[Required action]:
Output the data word for word. Begin at its first line and end at the line with "Fadc = 307.2e6".

[Input material]:
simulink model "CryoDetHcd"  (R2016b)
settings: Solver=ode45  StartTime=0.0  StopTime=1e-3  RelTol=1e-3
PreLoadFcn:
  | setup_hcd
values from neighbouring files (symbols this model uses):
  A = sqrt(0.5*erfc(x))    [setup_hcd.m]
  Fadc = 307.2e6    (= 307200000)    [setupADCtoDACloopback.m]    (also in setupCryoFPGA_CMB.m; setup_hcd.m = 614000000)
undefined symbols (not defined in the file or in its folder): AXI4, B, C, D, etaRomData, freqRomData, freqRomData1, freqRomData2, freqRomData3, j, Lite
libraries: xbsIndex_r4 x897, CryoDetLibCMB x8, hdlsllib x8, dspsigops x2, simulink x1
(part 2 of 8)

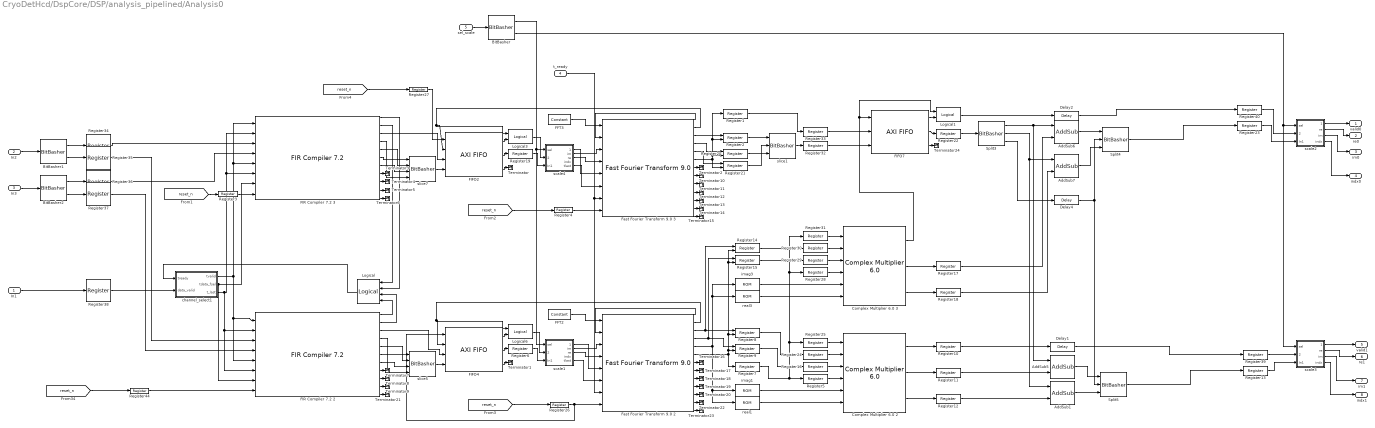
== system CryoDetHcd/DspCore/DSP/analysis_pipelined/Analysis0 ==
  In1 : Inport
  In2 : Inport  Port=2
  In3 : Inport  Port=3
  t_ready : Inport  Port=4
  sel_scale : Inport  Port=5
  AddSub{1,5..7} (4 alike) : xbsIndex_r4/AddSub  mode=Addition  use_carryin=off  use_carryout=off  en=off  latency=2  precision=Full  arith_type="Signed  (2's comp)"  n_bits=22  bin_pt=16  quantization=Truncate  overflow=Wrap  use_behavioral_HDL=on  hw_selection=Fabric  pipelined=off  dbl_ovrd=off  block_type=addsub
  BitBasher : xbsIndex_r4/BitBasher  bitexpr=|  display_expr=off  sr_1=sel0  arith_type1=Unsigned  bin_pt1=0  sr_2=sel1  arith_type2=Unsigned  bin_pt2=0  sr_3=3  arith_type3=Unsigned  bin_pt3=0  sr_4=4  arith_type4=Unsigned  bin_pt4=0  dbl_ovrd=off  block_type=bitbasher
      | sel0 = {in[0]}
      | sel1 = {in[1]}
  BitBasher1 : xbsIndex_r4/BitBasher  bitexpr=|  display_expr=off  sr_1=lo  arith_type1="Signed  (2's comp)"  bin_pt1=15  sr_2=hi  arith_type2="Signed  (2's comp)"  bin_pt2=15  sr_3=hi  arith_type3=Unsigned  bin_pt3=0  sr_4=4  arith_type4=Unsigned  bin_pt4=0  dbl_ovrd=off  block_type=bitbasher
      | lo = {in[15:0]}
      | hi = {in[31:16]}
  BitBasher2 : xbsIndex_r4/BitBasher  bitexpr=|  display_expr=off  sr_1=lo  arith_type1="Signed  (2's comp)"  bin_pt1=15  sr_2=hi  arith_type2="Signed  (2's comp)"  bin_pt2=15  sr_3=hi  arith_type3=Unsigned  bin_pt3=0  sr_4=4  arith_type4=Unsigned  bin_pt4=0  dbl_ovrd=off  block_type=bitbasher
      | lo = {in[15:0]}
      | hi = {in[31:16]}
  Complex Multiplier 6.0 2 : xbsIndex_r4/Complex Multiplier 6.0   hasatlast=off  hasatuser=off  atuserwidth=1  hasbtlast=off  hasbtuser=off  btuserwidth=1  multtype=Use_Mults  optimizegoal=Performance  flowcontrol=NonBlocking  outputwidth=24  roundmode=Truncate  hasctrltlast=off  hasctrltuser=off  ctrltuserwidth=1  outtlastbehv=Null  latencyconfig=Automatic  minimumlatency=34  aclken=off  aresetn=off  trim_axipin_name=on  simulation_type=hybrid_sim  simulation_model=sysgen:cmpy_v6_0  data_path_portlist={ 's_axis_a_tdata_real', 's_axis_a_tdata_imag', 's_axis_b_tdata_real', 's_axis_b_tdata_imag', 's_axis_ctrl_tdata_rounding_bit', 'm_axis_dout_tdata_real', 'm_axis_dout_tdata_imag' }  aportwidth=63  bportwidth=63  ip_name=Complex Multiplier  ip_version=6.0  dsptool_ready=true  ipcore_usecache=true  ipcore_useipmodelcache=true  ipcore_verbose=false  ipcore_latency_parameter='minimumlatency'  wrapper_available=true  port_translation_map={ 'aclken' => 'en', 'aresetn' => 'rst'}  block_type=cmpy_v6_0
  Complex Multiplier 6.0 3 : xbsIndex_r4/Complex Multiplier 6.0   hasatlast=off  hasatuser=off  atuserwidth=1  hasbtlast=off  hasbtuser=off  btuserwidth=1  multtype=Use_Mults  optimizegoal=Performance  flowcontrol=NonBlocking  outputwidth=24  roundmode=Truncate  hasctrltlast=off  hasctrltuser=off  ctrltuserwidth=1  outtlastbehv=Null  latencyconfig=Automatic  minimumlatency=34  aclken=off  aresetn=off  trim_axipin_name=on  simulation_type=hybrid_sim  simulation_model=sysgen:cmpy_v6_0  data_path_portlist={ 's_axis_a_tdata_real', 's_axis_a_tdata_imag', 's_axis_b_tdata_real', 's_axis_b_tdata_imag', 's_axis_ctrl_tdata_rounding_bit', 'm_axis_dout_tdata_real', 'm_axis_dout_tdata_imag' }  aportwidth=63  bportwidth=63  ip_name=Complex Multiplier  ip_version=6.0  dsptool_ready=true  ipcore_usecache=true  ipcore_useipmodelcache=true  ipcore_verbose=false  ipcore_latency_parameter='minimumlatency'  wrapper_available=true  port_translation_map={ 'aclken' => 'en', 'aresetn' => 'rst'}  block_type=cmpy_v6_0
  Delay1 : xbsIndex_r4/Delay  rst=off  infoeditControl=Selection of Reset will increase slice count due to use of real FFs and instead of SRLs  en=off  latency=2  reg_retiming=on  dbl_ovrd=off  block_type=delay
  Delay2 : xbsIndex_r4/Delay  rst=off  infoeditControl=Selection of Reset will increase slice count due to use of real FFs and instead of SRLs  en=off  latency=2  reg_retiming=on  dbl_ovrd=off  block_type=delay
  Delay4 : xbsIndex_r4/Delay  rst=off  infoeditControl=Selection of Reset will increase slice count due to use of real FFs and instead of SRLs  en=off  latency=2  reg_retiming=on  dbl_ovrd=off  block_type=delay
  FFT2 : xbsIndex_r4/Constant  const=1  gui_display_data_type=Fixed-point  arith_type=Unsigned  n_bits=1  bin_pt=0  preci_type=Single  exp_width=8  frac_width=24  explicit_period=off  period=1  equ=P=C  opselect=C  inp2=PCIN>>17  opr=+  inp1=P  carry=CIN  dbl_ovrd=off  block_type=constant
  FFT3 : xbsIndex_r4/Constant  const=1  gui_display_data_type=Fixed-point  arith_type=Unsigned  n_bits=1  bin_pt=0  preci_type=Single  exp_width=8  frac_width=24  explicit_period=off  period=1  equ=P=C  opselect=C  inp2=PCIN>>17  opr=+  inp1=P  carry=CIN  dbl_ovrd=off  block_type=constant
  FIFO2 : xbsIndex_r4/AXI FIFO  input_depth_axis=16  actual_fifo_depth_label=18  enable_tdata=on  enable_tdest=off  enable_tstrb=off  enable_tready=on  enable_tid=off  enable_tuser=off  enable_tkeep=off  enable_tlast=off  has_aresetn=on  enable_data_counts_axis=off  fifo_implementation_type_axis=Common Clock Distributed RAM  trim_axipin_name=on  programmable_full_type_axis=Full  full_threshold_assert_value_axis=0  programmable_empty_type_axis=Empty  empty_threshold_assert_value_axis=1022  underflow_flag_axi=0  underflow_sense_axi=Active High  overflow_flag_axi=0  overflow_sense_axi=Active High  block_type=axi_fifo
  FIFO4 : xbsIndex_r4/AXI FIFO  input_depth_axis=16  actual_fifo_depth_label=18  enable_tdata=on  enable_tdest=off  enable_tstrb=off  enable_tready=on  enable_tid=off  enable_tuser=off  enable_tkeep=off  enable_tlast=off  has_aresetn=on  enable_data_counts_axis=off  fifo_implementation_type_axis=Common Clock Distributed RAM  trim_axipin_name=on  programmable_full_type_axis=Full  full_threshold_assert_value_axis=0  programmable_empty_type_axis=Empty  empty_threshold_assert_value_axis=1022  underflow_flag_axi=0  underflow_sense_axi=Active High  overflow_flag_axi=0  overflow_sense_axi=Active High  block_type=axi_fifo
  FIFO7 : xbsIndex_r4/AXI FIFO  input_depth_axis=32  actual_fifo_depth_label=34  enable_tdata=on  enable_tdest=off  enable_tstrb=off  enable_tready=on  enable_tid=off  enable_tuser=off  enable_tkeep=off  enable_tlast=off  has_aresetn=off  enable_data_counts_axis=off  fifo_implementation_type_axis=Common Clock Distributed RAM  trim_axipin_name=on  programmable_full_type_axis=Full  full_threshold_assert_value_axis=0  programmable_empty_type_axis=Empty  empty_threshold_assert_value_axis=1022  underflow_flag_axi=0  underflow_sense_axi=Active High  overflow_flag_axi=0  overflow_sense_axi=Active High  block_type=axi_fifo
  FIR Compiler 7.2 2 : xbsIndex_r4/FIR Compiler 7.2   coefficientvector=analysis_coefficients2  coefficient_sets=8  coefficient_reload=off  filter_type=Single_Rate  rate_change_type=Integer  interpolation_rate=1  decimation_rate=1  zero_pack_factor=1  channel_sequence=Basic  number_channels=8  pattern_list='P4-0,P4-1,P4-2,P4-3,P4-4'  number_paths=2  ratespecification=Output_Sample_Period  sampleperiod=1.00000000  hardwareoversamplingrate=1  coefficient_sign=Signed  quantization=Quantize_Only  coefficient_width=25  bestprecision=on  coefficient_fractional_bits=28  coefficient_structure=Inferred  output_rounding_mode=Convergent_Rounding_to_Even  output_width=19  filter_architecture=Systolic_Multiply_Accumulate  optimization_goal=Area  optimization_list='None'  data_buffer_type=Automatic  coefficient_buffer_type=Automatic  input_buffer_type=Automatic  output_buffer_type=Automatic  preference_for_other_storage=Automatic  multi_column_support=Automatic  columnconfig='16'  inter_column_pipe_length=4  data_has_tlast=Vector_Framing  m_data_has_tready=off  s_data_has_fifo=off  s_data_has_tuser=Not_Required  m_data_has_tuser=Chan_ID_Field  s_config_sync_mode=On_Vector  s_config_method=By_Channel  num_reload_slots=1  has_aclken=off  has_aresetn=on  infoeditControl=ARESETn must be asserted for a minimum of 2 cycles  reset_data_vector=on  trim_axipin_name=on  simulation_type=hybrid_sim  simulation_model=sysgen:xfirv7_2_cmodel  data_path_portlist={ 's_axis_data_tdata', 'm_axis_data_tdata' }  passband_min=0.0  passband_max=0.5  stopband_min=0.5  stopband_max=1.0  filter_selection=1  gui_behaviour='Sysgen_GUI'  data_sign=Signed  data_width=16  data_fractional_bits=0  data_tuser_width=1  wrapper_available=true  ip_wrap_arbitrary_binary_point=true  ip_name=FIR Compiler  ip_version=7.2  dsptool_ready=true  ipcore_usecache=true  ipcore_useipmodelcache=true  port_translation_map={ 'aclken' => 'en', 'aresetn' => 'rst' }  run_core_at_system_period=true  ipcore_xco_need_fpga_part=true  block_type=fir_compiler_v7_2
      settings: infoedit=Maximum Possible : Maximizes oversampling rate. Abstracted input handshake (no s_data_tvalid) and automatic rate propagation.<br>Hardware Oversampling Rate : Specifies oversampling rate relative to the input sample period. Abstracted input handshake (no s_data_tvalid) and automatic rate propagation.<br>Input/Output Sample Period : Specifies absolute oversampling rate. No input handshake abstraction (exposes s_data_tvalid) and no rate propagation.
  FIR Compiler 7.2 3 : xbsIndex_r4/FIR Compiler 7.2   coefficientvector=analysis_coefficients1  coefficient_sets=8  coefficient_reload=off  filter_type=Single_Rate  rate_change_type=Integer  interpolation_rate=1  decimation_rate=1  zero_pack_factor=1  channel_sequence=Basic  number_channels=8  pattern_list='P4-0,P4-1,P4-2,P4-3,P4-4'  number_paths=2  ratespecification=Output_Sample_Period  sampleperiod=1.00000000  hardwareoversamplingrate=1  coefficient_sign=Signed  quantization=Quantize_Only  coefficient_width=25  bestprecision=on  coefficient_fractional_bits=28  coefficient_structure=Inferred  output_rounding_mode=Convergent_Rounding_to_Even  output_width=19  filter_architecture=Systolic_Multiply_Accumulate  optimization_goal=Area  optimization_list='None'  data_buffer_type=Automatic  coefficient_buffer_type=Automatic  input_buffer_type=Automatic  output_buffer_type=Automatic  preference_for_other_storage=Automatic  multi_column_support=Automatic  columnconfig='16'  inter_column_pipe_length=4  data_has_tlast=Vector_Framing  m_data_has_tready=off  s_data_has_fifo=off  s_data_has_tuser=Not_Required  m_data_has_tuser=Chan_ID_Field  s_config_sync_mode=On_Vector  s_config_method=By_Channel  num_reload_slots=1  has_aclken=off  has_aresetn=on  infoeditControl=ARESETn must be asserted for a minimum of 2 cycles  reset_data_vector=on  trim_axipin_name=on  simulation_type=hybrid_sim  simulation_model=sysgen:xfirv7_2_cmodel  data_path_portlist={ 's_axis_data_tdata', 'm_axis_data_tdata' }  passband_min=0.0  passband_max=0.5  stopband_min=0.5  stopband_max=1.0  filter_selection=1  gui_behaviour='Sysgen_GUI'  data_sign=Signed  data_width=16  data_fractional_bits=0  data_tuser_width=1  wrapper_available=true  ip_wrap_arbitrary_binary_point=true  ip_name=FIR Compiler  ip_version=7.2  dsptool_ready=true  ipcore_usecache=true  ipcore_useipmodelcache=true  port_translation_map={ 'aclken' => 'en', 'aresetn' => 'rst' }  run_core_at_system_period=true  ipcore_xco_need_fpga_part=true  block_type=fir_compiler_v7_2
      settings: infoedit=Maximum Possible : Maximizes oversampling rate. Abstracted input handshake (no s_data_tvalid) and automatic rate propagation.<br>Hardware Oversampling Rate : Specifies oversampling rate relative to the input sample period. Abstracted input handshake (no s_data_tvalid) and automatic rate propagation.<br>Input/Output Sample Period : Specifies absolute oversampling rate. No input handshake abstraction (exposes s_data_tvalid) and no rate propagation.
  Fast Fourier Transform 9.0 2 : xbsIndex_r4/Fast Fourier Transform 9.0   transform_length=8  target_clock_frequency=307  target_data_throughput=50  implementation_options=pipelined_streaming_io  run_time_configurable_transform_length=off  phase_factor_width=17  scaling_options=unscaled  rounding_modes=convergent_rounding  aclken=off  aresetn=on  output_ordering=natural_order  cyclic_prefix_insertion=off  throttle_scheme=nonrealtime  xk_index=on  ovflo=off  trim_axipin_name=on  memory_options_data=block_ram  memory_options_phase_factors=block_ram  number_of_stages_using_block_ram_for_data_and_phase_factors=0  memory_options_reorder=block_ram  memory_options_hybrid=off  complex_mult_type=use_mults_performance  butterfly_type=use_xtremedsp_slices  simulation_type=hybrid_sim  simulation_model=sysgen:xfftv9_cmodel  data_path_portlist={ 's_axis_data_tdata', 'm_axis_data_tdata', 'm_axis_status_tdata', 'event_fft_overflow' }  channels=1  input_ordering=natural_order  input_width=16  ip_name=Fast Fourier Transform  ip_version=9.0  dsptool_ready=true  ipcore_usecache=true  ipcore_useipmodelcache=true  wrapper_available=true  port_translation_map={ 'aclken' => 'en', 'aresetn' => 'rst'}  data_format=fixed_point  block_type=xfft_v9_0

[Task answer]:
simulink model "CryoDetHcd"  (R2016b)
settings: Solver=ode45  StartTime=0.0  StopTime=1e-3  RelTol=1e-3
PreLoadFcn:
  | setup_hcd
values from neighbouring files (symbols this model uses):
  A = sqrt(0.5*erfc(x))    [setup_hcd.m]
  Fadc = 307.2e6    (= 307200000)    [setupADCtoDACloopback.m]    (also in setupCryoFPGA_CMB.m; setup_hcd.m = 614000000)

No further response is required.